Die Agenda folgt der Einsicht, dass überkommene Lebensweise, einseitiges Streben nach materiellem Wachstum, rücksichtsloses Ausbeuten von Mensch und Natur, unweigerlich die Grundlagen unserer Existenz vernichten und den nachfolgenden Generationen ein lebenswertes Dasein verwehren wird.

Der Agenda 21 geht es darum, Wirtschaft und soziale Belange so zu gestalten, dass sie mit dem dauerhaften Erhalt unserer Lebensgrundlagen in Einklang stehen. Ökologie, Wirtschaft, Kultur und soziale Belange sind als miteinander vernetzte Bereiche zu sehen, eine Verbesserung des einen Ressorts zieht die der anderen nach sich. Eine dauerhaft umweltgerechte Entwicklung kann aber nicht "von oben" verordnet, sondern muss "von unten" getragen werden.

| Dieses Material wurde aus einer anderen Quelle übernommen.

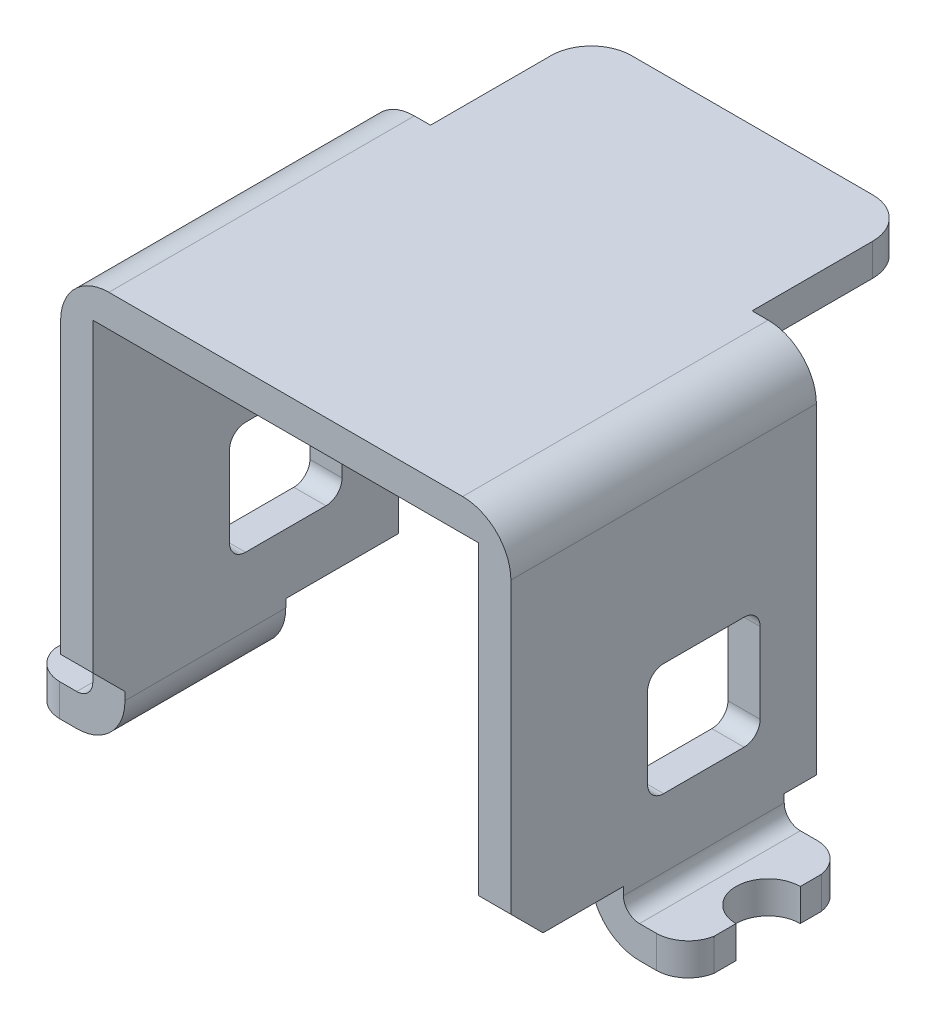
ISO-10303-21;
HEADER;
FILE_DESCRIPTION(('STEP AP214'),'2;1');
FILE_NAME('part.step','',(''),(''),'','','');
FILE_SCHEMA(('AUTOMOTIVE_DESIGN { 1 0 10303 214 1 1 1 1 }'));
ENDSEC;
DATA;
#1=APPLICATION_CONTEXT('core data for automotive mechanical design processes');
#2=APPLICATION_PROTOCOL_DEFINITION('international standard','automotive_design',2000,#1);
#3=PRODUCT_CONTEXT('',#1,'mechanical');
#4=PRODUCT('Part','Part','',(#3));
#5=PRODUCT_RELATED_PRODUCT_CATEGORY('part','',(#4));
#6=PRODUCT_DEFINITION_FORMATION('','',#4);
#7=PRODUCT_DEFINITION_CONTEXT('part definition',#1,'design');
#8=PRODUCT_DEFINITION('design','',#6,#7);
#9=PRODUCT_DEFINITION_SHAPE('','',#8);
#10=(LENGTH_UNIT() NAMED_UNIT(*) SI_UNIT(.MILLI.,.METRE.));
#11=(NAMED_UNIT(*) PLANE_ANGLE_UNIT() SI_UNIT($,.RADIAN.));
#12=(NAMED_UNIT(*) SI_UNIT($,.STERADIAN.) SOLID_ANGLE_UNIT());
#13=UNCERTAINTY_MEASURE_WITH_UNIT(LENGTH_MEASURE(1.E-05),#10,'distance_accuracy_value','');
#14=(GEOMETRIC_REPRESENTATION_CONTEXT(3) GLOBAL_UNCERTAINTY_ASSIGNED_CONTEXT((#13)) GLOBAL_UNIT_ASSIGNED_CONTEXT((#10,
#11,#12)) REPRESENTATION_CONTEXT('',''));
#15=CARTESIAN_POINT('',(0.,0.,0.));
#16=DIRECTION('',(0.,0.,1.));
#17=DIRECTION('',(1.,0.,0.));
#18=AXIS2_PLACEMENT_3D('',#15,#16,#17);
#19=CARTESIAN_POINT('',(-3.6,-0.0999999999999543,-2.5));
#20=DIRECTION('',(-1.,0.,0.));
#21=DIRECTION('',(0.,0.,1.));
#22=AXIS2_PLACEMENT_3D('',#19,#20,#21);
#23=PLANE('',#22);
#24=DIRECTION('',(0.,-1.,0.));
#25=VECTOR('',#24,1.);
#26=CARTESIAN_POINT('',(-3.6,-0.8,-2.82633336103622));
#27=LINE('',#26,#25);
#28=CARTESIAN_POINT('',(-3.6,0.300000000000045,-2.82633336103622));
#29=VERTEX_POINT('',#28);
#30=CARTESIAN_POINT('',(-3.6,-0.0999999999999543,-2.82633336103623));
#31=VERTEX_POINT('',#30);
#32=EDGE_CURVE('E41',#29,#31,#27,.T.);
#33=ORIENTED_EDGE('',*,*,#32,.F.);
#34=DIRECTION('',(0.,0.,-1.));
#35=VECTOR('',#34,1.);
#36=CARTESIAN_POINT('',(-3.6,0.300000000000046,-2.5));
#37=LINE('',#36,#35);
#38=CARTESIAN_POINT('',(-3.6,0.300000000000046,-3.10000000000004));
#39=VERTEX_POINT('',#38);
#40=EDGE_CURVE('E11',#29,#39,#37,.T.);
#41=ORIENTED_EDGE('',*,*,#40,.T.);
#42=DIRECTION('',(0.,1.,0.));
#43=VECTOR('',#42,1.);
#44=CARTESIAN_POINT('',(-3.6,-0.8,-3.10000000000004));
#45=LINE('',#44,#43);
#46=CARTESIAN_POINT('',(-3.6,-0.0999999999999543,-3.10000000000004));
#47=VERTEX_POINT('',#46);
#48=EDGE_CURVE('E410',#47,#39,#45,.T.);
#49=ORIENTED_EDGE('',*,*,#48,.F.);
#50=DIRECTION('',(0.,0.,1.));
#51=VECTOR('',#50,1.);
#52=CARTESIAN_POINT('',(-3.6,-0.0999999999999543,-2.5));
#53=LINE('',#52,#51);
#54=EDGE_CURVE('E27',#47,#31,#53,.T.);
#55=ORIENTED_EDGE('',*,*,#54,.T.);
#56=EDGE_LOOP('',(#33,#41,#49,#55));
#57=FACE_BOUND('',#56,.T.);
#58=ADVANCED_FACE('F16',(#57),#23,.T.);
#59=CARTESIAN_POINT('',(1.,4.8,-8.));
#60=DIRECTION('',(0.,-1.,0.));
#61=DIRECTION('',(0.,0.,-1.));
#62=AXIS2_PLACEMENT_3D('',#59,#60,#61);
#63=PLANE('',#62);
#64=DIRECTION('',(1.,0.,0.));
#65=VECTOR('',#64,1.);
#66=CARTESIAN_POINT('',(2.8,4.8,-2.1));
#67=LINE('',#66,#65);
#68=CARTESIAN_POINT('',(-2.4,4.8,-2.10000000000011));
#69=VERTEX_POINT('',#68);
#70=CARTESIAN_POINT('',(2.4,4.8,-2.10000000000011));
#71=VERTEX_POINT('',#70);
#72=EDGE_CURVE('E358',#69,#71,#67,.T.);
#73=ORIENTED_EDGE('',*,*,#72,.F.);
#74=DIRECTION('',(0.,0.,-1.));
#75=VECTOR('',#74,1.);
#76=CARTESIAN_POINT('',(-2.4,4.8,-8.));
#77=LINE('',#76,#75);
#78=CARTESIAN_POINT('',(-2.4,4.8,-5.90000000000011));
#79=VERTEX_POINT('',#78);
#80=EDGE_CURVE('E519',#69,#79,#77,.T.);
#81=ORIENTED_EDGE('',*,*,#80,.T.);
#82=DIRECTION('',(-1.,0.,0.));
#83=VECTOR('',#82,1.);
#84=CARTESIAN_POINT('',(-2.00000000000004,4.8,-5.9));
#85=LINE('',#84,#83);
#86=CARTESIAN_POINT('',(-2.00000000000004,4.8,-5.9));
#87=VERTEX_POINT('',#86);
#88=EDGE_CURVE('E339',#87,#79,#85,.T.);
#89=ORIENTED_EDGE('',*,*,#88,.F.);
#90=DIRECTION('',(0.,0.,1.));
#91=VECTOR('',#90,1.);
#92=CARTESIAN_POINT('',(-2.00000000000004,4.8,-5.9));
#93=LINE('',#92,#91);
#94=CARTESIAN_POINT('',(-2.00000000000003,4.8,-7.4));
#95=VERTEX_POINT('',#94);
#96=EDGE_CURVE('E416',#95,#87,#93,.T.);
#97=ORIENTED_EDGE('',*,*,#96,.F.);
#98=CARTESIAN_POINT('',(-1.50000000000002,4.8,-7.4));
#99=DIRECTION('',(0.,1.,0.));
#100=DIRECTION('',(0.,0.,-1.));
#101=AXIS2_PLACEMENT_3D('',#98,#99,#100);
#102=CIRCLE('',#101,0.5);
#103=CARTESIAN_POINT('',(-1.50000000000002,4.8,-7.9));
#104=VERTEX_POINT('',#103);
#105=EDGE_CURVE('E579',#104,#95,#102,.T.);
#106=ORIENTED_EDGE('',*,*,#105,.F.);
#107=DIRECTION('',(-1.,0.,0.));
#108=VECTOR('',#107,1.);
#109=CARTESIAN_POINT('',(-1.50000000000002,4.8,-7.9));
#110=LINE('',#109,#108);
#111=CARTESIAN_POINT('',(1.5,4.8,-7.9));
#112=VERTEX_POINT('',#111);
#113=EDGE_CURVE('E534',#112,#104,#110,.T.);
#114=ORIENTED_EDGE('',*,*,#113,.F.);
#115=CARTESIAN_POINT('',(1.5,4.8,-7.4));
#116=DIRECTION('',(0.,1.,0.));
#117=DIRECTION('',(0.,0.,-1.));
#118=AXIS2_PLACEMENT_3D('',#115,#116,#117);
#119=CIRCLE('',#118,0.5);
#120=CARTESIAN_POINT('',(2.,4.8,-7.4));
#121=VERTEX_POINT('',#120);
#122=EDGE_CURVE('E452',#121,#112,#119,.T.);
#123=ORIENTED_EDGE('',*,*,#122,.F.);
#124=DIRECTION('',(0.,0.,-1.));
#125=VECTOR('',#124,1.);
#126=CARTESIAN_POINT('',(2.,4.8,-7.4));
#127=LINE('',#126,#125);
#128=CARTESIAN_POINT('',(2.,4.8,-5.9));
#129=VERTEX_POINT('',#128);
#130=EDGE_CURVE('E357',#129,#121,#127,.T.);
#131=ORIENTED_EDGE('',*,*,#130,.F.);
#132=DIRECTION('',(-1.,0.,0.));
#133=VECTOR('',#132,1.);
#134=CARTESIAN_POINT('',(2.8,4.8,-5.9));
#135=LINE('',#134,#133);
#136=CARTESIAN_POINT('',(2.4,4.8,-5.9));
#137=VERTEX_POINT('',#136);
#138=EDGE_CURVE('E381',#137,#129,#135,.T.);
#139=ORIENTED_EDGE('',*,*,#138,.F.);
#140=DIRECTION('',(0.,0.,1.));
#141=VECTOR('',#140,1.);
#142=CARTESIAN_POINT('',(2.4,4.8,-8.));
#143=LINE('',#142,#141);
#144=EDGE_CURVE('E523',#137,#71,#143,.T.);
#145=ORIENTED_EDGE('',*,*,#144,.T.);
#146=EDGE_LOOP('',(#73,#81,#89,#97,#106,#114,#123,#131,#139,#145));
#147=FACE_BOUND('',#146,.T.);
#148=ADVANCED_FACE('F1135',(#147),#63,.T.);
#149=CARTESIAN_POINT('',(2.4,-0.0999999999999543,-3.50000000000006));
#150=DIRECTION('',(0.,-1.,0.));
#151=DIRECTION('',(0.,0.,-1.));
#152=AXIS2_PLACEMENT_3D('',#149,#150,#151);
#153=PLANE('',#152);
#154=DIRECTION('',(1.,0.,0.));
#155=VECTOR('',#154,1.);
#156=CARTESIAN_POINT('',(2.4,-0.0999999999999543,-3.50000000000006));
#157=LINE('',#156,#155);
#158=CARTESIAN_POINT('',(3.,-0.0999999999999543,-3.50000000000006));
#159=VERTEX_POINT('',#158);
#160=CARTESIAN_POINT('',(3.21335362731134,-0.0999999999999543,-3.50000000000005));
#161=VERTEX_POINT('',#160);
#162=EDGE_CURVE('E320',#159,#161,#157,.T.);
#163=ORIENTED_EDGE('',*,*,#162,.F.);
#164=DIRECTION('',(0.,0.,-1.));
#165=VECTOR('',#164,1.);
#166=CARTESIAN_POINT('',(3.,-0.0999999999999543,-5.5));
#167=LINE('',#166,#165);
#168=CARTESIAN_POINT('',(3.,-0.0999999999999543,-5.5));
#169=VERTEX_POINT('',#168);
#170=EDGE_CURVE('E686',#159,#169,#167,.T.);
#171=ORIENTED_EDGE('',*,*,#170,.T.);
#172=DIRECTION('',(1.,0.,0.));
#173=VECTOR('',#172,1.);
#174=CARTESIAN_POINT('',(2.4,-0.0999999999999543,-5.5));
#175=LINE('',#174,#173);
#176=CARTESIAN_POINT('',(3.22808084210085,-0.0999999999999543,-5.5));
#177=VERTEX_POINT('',#176);
#178=EDGE_CURVE('E682',#169,#177,#175,.T.);
#179=ORIENTED_EDGE('',*,*,#178,.T.);
#180=CARTESIAN_POINT('',(3.20478861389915,-0.0999999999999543,-5.10067873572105));
#181=DIRECTION('',(0.,1.,0.));
#182=DIRECTION('',(0.,0.,-1.));
#183=AXIS2_PLACEMENT_3D('',#180,#181,#182);
#184=CIRCLE('',#183,0.399999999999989);
#185=CARTESIAN_POINT('',(3.6,-0.0999999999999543,-5.16238740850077));
#186=VERTEX_POINT('',#185);
#187=EDGE_CURVE('E389',#186,#177,#184,.T.);
#188=ORIENTED_EDGE('',*,*,#187,.F.);
#189=DIRECTION('',(0.,0.,-1.));
#190=VECTOR('',#189,1.);
#191=CARTESIAN_POINT('',(3.6,-0.0999999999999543,-5.5));
#192=LINE('',#191,#190);
#193=CARTESIAN_POINT('',(3.6,-0.0999999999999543,-4.90000000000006));
#194=VERTEX_POINT('',#193);
#195=EDGE_CURVE('E471',#194,#186,#192,.T.);
#196=ORIENTED_EDGE('',*,*,#195,.F.);
#197=CARTESIAN_POINT('',(3.6,-0.0999999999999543,-4.50000000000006));
#198=DIRECTION('',(0.,1.,0.));
#199=DIRECTION('',(0.,0.,-1.));
#200=AXIS2_PLACEMENT_3D('',#197,#198,#199);
#201=CIRCLE('',#200,0.4);
#202=CARTESIAN_POINT('',(3.6,-0.0999999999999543,-4.10000000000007));
#203=VERTEX_POINT('',#202);
#204=EDGE_CURVE('E687',#194,#203,#201,.T.);
#205=ORIENTED_EDGE('',*,*,#204,.T.);
#206=DIRECTION('',(0.,0.,-1.));
#207=VECTOR('',#206,1.);
#208=CARTESIAN_POINT('',(3.6,-0.0999999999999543,-5.5));
#209=LINE('',#208,#207);
#210=CARTESIAN_POINT('',(3.6,-0.0999999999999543,-3.82633336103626));
#211=VERTEX_POINT('',#210);
#212=EDGE_CURVE('E292',#211,#203,#209,.T.);
#213=ORIENTED_EDGE('',*,*,#212,.F.);
#214=CARTESIAN_POINT('',(3.20683202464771,-0.0999999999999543,-3.89994683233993));
#215=DIRECTION('',(0.,1.,0.));
#216=DIRECTION('',(0.,0.,-1.));
#217=AXIS2_PLACEMENT_3D('',#214,#215,#216);
#218=CIRCLE('',#217,0.4);
#219=EDGE_CURVE('E385',#161,#211,#218,.T.);
#220=ORIENTED_EDGE('',*,*,#219,.F.);
#221=EDGE_LOOP('',(#163,#171,#179,#188,#196,#205,#213,#220));
#222=FACE_BOUND('',#221,.T.);
#223=ADVANCED_FACE('F1681',(#222),#153,.T.);
#224=CARTESIAN_POINT('',(3.6,0.300000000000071,-5.5));
#225=DIRECTION('',(0.,-1.,0.));
#226=DIRECTION('',(0.,0.,-1.));
#227=AXIS2_PLACEMENT_3D('',#224,#225,#226);
#228=PLANE('',#227);
#229=DIRECTION('',(-1.,0.,0.));
#230=VECTOR('',#229,1.);
#231=CARTESIAN_POINT('',(3.6,0.300000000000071,-5.5));
#232=LINE('',#231,#230);
#233=CARTESIAN_POINT('',(3.22808084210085,0.300000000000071,-5.5));
#234=VERTEX_POINT('',#233);
#235=CARTESIAN_POINT('',(3.,0.300000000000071,-5.5));
#236=VERTEX_POINT('',#235);
#237=EDGE_CURVE('E804',#234,#236,#232,.T.);
#238=ORIENTED_EDGE('',*,*,#237,.T.);
#239=DIRECTION('',(0.,0.,1.));
#240=VECTOR('',#239,1.);
#241=CARTESIAN_POINT('',(3.,0.300000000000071,-5.5));
#242=LINE('',#241,#240);
#243=CARTESIAN_POINT('',(3.,0.300000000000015,-3.50000000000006));
#244=VERTEX_POINT('',#243);
#245=EDGE_CURVE('E350',#236,#244,#242,.T.);
#246=ORIENTED_EDGE('',*,*,#245,.T.);
#247=DIRECTION('',(-1.,0.,0.));
#248=VECTOR('',#247,1.);
#249=CARTESIAN_POINT('',(3.6,0.300000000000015,-3.50000000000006));
#250=LINE('',#249,#248);
#251=CARTESIAN_POINT('',(3.21335362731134,0.300000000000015,-3.50000000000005));
#252=VERTEX_POINT('',#251);
#253=EDGE_CURVE('E316',#252,#244,#250,.T.);
#254=ORIENTED_EDGE('',*,*,#253,.F.);
#255=CARTESIAN_POINT('',(3.20683202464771,0.300000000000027,-3.89994683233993));
#256=DIRECTION('',(0.,1.,0.));
#257=DIRECTION('',(0.,0.,-1.));
#258=AXIS2_PLACEMENT_3D('',#255,#256,#257);
#259=CIRCLE('',#258,0.4);
#260=CARTESIAN_POINT('',(3.6,0.300000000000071,-3.82633336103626));
#261=VERTEX_POINT('',#260);
#262=EDGE_CURVE('E346',#252,#261,#259,.T.);
#263=ORIENTED_EDGE('',*,*,#262,.T.);
#264=DIRECTION('',(0.,0.,1.));
#265=VECTOR('',#264,1.);
#266=CARTESIAN_POINT('',(3.6,0.300000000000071,-5.5));
#267=LINE('',#266,#265);
#268=CARTESIAN_POINT('',(3.6,0.300000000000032,-4.10000000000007));
#269=VERTEX_POINT('',#268);
#270=EDGE_CURVE('E2734',#269,#261,#267,.T.);
#271=ORIENTED_EDGE('',*,*,#270,.F.);
#272=CARTESIAN_POINT('',(3.6,0.300000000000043,-4.50000000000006));
#273=DIRECTION('',(0.,1.,0.));
#274=DIRECTION('',(0.,0.,-1.));
#275=AXIS2_PLACEMENT_3D('',#272,#273,#274);
#276=CIRCLE('',#275,0.4);
#277=CARTESIAN_POINT('',(3.6,0.300000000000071,-4.90000000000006));
#278=VERTEX_POINT('',#277);
#279=EDGE_CURVE('E467',#278,#269,#276,.T.);
#280=ORIENTED_EDGE('',*,*,#279,.F.);
#281=DIRECTION('',(0.,0.,1.));
#282=VECTOR('',#281,1.);
#283=CARTESIAN_POINT('',(3.6,0.300000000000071,-5.5));
#284=LINE('',#283,#282);
#285=CARTESIAN_POINT('',(3.6,0.300000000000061,-5.16238740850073));
#286=VERTEX_POINT('',#285);
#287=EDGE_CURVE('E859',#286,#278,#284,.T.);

Die Agenda 21 fordert deshalb die Städte und Gemeinden auf, gemeinsam mit ihren Bürgerinnen und Bürgern ein Handlungskonzept in ihren Kommunen aufzustellen. Da sich die Probleme mit der Zeit ändern, sollen sich die Kommunen nicht auf die Konzeption und das Abarbeiten eines einzigen Aktionsprogrammes beschränken. Ganz im Gegenteil: die Agenda 21 muss sich als dauerhafter Prozess konzipieren, an dem möglichst viele Menschen beteiligt werden.